> [Exercise prompt]: Please repeat the lines below, exactly and only, from the one that holds "#197=CARTESIAN_POINT('',(0.,0.,0.));" through the one that holds "#216=CARTESIAN_POINT('',(1.25,-0.721687836487029,0.));".

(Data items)

┌──

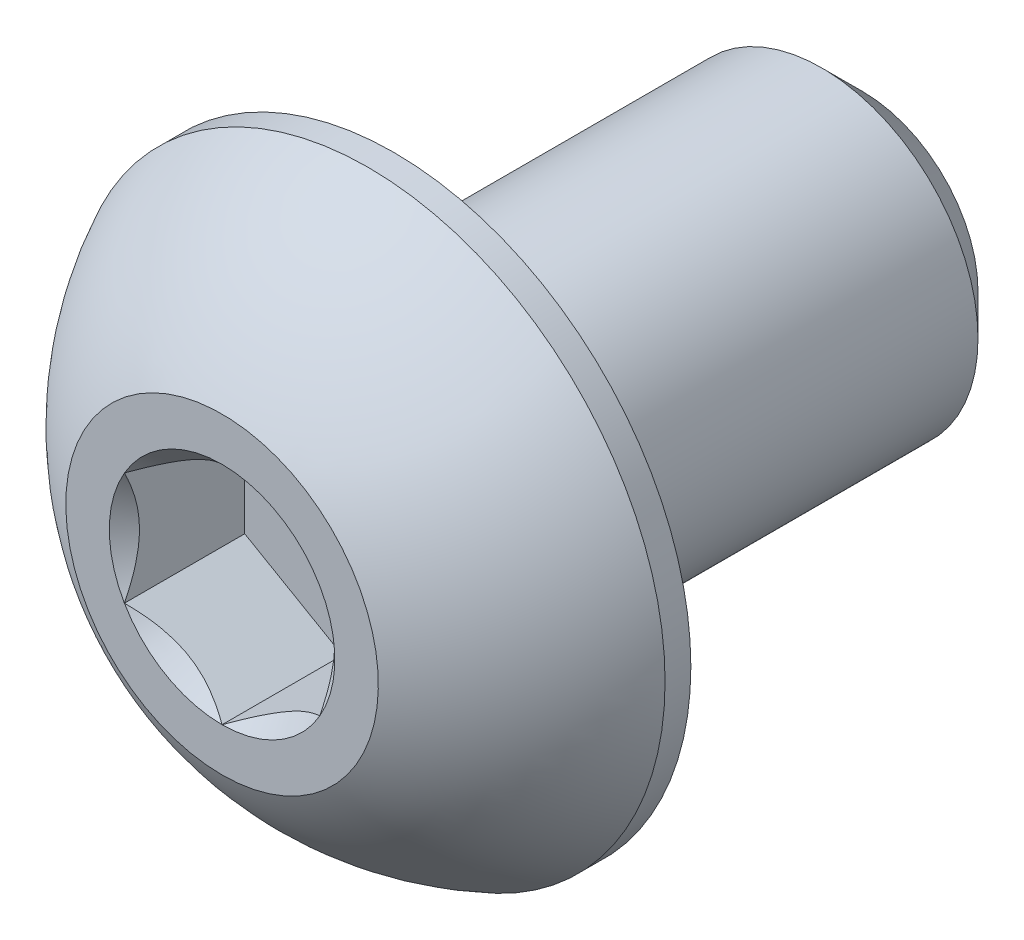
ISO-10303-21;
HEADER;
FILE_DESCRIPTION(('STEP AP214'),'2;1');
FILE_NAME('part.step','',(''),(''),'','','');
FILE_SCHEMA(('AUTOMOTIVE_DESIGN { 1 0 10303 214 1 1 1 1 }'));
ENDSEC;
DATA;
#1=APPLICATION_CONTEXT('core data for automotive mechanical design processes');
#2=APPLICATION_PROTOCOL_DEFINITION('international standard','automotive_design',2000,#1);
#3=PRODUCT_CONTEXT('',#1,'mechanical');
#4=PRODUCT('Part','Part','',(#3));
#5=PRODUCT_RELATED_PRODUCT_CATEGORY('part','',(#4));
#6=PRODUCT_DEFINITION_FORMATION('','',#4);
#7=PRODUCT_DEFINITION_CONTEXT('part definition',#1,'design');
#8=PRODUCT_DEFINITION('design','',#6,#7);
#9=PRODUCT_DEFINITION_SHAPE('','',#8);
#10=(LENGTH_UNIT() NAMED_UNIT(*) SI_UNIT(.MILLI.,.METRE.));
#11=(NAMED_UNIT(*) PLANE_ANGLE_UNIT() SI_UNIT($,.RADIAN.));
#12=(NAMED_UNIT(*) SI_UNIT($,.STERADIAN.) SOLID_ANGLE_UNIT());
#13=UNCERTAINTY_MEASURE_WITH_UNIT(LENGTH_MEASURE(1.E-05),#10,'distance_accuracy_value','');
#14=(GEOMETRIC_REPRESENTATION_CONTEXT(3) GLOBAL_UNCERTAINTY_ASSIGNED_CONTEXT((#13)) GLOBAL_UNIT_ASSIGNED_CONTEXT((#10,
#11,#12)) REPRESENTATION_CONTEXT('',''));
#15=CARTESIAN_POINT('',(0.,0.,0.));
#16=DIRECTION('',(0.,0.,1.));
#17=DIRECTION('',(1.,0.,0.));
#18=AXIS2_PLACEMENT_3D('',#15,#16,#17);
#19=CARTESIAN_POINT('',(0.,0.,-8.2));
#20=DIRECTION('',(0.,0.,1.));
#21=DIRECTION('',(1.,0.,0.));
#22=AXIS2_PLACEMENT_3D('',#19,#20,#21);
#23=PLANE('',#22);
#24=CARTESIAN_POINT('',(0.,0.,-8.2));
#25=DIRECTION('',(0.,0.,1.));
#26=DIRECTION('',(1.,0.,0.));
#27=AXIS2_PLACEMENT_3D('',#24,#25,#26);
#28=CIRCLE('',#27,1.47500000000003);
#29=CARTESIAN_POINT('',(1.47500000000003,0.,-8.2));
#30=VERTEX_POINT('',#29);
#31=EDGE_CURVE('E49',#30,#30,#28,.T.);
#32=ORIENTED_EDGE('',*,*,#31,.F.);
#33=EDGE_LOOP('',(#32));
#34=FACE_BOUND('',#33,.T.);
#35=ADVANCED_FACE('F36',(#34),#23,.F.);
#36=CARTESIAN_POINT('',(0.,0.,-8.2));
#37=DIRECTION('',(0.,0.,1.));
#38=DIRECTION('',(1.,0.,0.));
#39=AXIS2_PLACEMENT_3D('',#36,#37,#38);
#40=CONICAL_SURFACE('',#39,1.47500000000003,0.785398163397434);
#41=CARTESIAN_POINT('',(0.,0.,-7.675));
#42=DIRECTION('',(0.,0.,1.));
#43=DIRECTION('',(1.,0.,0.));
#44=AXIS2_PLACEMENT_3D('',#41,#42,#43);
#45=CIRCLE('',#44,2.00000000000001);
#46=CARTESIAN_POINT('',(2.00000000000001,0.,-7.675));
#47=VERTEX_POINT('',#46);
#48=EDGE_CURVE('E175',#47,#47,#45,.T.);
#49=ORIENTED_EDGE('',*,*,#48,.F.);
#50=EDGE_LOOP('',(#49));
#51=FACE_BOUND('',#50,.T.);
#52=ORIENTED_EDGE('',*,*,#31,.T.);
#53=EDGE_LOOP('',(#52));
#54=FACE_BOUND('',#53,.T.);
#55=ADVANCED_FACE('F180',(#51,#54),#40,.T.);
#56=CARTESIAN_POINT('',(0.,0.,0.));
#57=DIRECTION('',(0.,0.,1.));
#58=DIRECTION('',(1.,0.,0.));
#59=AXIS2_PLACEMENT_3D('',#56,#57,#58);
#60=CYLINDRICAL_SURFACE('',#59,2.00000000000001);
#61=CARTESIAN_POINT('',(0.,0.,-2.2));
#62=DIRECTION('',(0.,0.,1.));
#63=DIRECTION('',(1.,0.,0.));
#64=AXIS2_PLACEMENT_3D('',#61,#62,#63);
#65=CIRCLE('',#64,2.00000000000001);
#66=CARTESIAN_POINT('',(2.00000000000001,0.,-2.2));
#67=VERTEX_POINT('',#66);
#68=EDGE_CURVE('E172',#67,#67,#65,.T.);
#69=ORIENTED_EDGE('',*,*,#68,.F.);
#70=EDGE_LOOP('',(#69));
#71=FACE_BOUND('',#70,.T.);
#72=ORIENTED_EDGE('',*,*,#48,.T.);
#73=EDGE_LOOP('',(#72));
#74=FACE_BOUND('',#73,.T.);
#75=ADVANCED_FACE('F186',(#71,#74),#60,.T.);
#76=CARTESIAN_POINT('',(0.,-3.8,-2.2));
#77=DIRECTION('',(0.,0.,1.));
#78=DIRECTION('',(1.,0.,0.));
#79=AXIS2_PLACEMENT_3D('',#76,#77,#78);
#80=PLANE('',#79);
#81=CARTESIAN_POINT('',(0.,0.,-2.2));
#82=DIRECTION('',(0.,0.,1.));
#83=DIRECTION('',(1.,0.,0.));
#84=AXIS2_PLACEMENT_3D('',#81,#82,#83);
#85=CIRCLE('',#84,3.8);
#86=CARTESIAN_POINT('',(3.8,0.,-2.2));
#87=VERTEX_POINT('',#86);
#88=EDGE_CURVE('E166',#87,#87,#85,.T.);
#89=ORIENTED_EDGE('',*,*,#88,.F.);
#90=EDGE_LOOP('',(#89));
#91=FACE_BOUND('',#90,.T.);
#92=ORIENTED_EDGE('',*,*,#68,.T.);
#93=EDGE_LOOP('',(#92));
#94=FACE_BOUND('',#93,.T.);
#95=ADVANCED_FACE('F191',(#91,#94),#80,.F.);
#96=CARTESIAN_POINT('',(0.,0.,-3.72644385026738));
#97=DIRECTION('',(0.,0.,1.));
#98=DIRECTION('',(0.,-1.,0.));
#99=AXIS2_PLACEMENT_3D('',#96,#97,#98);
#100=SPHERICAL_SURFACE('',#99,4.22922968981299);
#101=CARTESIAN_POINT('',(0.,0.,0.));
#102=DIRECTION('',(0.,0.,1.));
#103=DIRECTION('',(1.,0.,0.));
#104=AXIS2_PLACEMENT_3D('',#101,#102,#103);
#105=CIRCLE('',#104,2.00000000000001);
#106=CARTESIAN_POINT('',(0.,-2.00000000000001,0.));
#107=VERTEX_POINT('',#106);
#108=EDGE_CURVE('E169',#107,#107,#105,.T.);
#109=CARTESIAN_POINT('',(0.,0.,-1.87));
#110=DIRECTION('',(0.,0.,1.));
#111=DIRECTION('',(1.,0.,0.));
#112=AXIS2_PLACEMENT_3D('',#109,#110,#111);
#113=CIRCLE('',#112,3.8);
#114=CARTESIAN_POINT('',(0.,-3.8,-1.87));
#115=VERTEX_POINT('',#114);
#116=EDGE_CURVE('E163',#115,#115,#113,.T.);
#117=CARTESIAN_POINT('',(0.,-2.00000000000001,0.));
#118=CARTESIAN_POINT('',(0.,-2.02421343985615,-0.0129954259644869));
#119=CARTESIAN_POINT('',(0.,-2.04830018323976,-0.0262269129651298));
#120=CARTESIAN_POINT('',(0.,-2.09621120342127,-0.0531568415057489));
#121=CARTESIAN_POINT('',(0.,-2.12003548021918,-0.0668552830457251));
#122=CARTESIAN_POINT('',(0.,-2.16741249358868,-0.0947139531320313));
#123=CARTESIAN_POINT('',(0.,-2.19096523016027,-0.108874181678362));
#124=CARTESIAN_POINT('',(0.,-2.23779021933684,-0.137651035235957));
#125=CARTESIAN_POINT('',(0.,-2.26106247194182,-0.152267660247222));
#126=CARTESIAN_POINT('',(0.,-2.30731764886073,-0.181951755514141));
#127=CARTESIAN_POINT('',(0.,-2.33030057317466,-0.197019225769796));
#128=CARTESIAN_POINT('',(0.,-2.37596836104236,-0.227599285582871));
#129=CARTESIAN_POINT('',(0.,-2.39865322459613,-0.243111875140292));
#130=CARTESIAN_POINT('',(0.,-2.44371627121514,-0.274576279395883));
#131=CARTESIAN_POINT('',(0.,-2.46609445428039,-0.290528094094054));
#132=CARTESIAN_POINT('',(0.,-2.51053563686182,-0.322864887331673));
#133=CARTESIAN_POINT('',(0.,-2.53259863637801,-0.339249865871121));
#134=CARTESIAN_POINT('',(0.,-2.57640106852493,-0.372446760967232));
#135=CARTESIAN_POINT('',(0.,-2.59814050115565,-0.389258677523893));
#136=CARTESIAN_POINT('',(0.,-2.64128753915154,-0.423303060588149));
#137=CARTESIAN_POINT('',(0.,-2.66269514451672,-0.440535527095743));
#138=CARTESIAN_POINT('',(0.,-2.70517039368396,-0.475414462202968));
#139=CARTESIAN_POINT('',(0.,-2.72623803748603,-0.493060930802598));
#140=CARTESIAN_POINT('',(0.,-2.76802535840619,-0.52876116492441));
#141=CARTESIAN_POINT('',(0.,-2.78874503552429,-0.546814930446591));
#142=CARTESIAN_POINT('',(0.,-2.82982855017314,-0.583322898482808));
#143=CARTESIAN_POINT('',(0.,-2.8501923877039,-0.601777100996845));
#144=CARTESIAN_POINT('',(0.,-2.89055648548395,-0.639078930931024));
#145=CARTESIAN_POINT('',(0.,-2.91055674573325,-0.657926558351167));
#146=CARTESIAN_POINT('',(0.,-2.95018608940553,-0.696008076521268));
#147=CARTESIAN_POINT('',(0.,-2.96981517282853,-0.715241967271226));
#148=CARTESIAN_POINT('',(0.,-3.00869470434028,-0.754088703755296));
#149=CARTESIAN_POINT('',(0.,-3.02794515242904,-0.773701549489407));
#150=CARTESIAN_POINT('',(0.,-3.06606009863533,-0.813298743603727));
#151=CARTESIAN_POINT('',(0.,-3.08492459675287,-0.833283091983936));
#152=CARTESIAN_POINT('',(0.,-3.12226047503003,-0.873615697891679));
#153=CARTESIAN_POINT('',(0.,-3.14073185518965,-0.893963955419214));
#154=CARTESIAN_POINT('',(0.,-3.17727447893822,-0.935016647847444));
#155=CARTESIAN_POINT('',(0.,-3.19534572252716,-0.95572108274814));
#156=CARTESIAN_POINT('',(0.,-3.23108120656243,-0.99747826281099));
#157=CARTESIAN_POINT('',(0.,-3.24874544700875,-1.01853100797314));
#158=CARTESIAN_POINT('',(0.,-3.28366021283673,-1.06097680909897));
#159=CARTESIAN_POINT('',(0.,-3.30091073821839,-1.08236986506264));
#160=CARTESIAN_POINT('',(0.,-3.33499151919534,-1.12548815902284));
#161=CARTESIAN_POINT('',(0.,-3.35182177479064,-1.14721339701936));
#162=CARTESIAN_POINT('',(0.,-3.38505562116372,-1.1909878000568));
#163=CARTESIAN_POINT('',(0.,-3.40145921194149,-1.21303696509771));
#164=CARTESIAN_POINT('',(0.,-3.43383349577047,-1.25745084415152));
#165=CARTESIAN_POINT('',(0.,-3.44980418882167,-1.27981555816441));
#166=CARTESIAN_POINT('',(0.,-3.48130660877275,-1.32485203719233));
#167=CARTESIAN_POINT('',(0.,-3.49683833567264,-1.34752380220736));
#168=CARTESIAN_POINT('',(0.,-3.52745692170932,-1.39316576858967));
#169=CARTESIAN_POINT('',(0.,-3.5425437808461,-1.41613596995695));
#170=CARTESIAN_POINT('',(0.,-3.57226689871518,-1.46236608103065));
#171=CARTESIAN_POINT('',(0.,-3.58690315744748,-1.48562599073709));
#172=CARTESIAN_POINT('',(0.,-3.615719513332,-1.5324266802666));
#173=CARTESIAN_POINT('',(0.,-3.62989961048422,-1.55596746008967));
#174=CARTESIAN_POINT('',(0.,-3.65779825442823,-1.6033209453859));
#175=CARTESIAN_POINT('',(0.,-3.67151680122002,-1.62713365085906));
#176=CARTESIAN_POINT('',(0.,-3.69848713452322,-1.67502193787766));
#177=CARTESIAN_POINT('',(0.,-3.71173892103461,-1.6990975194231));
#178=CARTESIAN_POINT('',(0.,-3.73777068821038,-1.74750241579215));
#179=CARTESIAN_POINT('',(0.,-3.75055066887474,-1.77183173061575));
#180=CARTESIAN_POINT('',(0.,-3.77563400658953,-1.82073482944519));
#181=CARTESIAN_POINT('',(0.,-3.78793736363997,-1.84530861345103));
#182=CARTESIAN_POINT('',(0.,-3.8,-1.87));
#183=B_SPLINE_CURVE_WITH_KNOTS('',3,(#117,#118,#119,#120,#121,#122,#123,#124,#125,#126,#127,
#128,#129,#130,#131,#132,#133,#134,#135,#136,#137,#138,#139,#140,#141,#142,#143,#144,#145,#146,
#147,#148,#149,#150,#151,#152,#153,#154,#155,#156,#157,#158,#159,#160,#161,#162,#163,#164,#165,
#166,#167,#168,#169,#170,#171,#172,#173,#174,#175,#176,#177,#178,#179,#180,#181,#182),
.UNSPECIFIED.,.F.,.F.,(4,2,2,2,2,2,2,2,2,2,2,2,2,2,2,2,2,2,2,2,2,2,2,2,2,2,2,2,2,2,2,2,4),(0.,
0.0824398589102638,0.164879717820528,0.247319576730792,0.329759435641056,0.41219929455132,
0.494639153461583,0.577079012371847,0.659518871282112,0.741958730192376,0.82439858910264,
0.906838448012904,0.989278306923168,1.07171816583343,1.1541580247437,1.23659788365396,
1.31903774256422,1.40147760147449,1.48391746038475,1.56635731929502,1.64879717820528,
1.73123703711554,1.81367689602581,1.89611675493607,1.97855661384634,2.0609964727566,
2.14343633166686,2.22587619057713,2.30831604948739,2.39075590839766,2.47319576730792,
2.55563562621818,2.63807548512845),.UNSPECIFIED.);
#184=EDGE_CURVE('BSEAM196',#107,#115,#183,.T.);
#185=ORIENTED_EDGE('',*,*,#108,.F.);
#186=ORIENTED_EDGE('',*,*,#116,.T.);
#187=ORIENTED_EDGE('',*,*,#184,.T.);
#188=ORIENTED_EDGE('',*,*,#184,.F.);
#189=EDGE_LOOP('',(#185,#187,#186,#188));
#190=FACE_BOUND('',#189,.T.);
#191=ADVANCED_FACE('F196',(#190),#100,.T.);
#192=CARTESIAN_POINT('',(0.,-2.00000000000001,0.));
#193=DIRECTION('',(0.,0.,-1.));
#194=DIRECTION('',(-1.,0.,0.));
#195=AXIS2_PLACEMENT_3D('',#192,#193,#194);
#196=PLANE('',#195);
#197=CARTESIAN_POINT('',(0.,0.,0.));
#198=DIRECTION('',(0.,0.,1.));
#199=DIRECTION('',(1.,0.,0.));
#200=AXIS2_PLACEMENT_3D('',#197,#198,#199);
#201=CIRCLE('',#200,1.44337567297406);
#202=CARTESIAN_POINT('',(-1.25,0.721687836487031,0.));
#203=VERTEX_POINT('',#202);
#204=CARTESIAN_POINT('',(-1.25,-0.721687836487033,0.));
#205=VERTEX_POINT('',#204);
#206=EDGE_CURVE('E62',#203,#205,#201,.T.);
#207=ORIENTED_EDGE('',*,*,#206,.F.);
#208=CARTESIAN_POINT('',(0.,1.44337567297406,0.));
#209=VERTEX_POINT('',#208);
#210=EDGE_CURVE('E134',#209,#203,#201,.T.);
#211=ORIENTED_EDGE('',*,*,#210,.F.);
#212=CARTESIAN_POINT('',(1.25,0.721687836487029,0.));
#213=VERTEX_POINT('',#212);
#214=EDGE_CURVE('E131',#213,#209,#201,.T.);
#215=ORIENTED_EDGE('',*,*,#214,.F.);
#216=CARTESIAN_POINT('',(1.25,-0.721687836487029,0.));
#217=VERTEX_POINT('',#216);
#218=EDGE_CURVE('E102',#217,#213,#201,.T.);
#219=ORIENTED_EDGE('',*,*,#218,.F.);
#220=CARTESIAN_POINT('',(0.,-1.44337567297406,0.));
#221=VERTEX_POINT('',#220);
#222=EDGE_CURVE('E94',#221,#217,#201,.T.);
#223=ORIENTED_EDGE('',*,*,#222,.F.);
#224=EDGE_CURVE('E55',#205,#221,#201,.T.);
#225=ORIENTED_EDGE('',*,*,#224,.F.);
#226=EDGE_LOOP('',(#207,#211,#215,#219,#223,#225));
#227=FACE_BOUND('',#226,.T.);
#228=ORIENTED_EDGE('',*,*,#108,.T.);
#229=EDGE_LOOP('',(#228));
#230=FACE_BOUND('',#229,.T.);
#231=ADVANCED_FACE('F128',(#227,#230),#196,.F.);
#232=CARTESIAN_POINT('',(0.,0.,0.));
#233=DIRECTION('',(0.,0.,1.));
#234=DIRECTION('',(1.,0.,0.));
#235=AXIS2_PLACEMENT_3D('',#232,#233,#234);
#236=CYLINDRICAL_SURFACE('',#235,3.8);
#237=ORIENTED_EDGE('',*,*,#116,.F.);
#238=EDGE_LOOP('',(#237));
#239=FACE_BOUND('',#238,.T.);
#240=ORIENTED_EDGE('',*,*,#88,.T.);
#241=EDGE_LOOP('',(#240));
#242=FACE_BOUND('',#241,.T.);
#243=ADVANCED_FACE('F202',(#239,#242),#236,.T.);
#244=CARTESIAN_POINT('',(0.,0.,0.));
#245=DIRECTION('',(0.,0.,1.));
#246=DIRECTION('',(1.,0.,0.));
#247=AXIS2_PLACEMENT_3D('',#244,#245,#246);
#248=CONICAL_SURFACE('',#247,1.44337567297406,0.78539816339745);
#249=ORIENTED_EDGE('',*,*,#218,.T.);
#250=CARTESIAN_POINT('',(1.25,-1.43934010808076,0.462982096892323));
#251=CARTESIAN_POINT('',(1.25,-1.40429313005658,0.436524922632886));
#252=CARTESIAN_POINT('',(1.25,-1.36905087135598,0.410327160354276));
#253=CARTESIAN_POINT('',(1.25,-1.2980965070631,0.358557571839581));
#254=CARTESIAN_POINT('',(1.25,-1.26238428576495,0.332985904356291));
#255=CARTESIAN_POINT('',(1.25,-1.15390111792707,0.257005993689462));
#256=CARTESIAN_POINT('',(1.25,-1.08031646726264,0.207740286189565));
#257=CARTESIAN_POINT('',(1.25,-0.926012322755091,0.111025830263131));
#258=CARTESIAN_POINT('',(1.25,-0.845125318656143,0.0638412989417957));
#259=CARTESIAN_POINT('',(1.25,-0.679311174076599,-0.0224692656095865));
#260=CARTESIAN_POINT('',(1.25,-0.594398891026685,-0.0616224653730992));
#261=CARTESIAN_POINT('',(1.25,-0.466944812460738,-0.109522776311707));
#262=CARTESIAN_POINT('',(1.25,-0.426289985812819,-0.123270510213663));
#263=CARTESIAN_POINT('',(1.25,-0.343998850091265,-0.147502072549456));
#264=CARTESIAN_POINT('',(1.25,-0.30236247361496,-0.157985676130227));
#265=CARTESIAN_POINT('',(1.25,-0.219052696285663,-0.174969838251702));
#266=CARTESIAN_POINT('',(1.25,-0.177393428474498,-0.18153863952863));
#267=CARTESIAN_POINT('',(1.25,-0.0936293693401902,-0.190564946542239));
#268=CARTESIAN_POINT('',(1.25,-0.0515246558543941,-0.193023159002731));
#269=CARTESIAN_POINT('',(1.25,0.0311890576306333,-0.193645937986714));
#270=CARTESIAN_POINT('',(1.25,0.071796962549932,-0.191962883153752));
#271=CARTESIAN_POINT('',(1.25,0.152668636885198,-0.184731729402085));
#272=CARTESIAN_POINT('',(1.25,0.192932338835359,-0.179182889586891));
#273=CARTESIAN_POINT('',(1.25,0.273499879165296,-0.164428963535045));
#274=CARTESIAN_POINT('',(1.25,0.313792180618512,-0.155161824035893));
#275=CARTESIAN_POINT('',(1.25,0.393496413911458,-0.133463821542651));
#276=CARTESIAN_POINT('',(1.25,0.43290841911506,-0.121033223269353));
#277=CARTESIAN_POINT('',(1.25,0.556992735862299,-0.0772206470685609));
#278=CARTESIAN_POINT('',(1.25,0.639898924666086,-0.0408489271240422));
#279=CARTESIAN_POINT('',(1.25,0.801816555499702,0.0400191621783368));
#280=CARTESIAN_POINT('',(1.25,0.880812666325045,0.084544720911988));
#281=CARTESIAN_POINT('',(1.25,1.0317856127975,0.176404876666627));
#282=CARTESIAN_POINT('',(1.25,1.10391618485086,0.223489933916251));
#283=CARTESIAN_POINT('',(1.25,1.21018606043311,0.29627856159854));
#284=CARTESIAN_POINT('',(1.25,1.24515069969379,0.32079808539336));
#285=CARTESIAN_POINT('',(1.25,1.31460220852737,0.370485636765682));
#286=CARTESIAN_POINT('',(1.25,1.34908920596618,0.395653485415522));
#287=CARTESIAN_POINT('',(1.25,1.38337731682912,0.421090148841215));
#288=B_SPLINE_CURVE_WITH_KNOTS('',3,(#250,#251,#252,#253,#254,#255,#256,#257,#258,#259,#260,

└──

> [Result]:
#197=CARTESIAN_POINT('',(0.,0.,0.));
#198=DIRECTION('',(0.,0.,1.));
#199=DIRECTION('',(1.,0.,0.));
#200=AXIS2_PLACEMENT_3D('',#197,#198,#199);
#201=CIRCLE('',#200,1.44337567297406);
#202=CARTESIAN_POINT('',(-1.25,0.721687836487031,0.));
#203=VERTEX_POINT('',#202);
#204=CARTESIAN_POINT('',(-1.25,-0.721687836487033,0.));
#205=VERTEX_POINT('',#204);
#206=EDGE_CURVE('E62',#203,#205,#201,.T.);
#207=ORIENTED_EDGE('',*,*,#206,.F.);
#208=CARTESIAN_POINT('',(0.,1.44337567297406,0.));
#209=VERTEX_POINT('',#208);
#210=EDGE_CURVE('E134',#209,#203,#201,.T.);
#211=ORIENTED_EDGE('',*,*,#210,.F.);
#212=CARTESIAN_POINT('',(1.25,0.721687836487029,0.));
#213=VERTEX_POINT('',#212);
#214=EDGE_CURVE('E131',#213,#209,#201,.T.);
#215=ORIENTED_EDGE('',*,*,#214,.F.);
#216=CARTESIAN_POINT('',(1.25,-0.721687836487029,0.));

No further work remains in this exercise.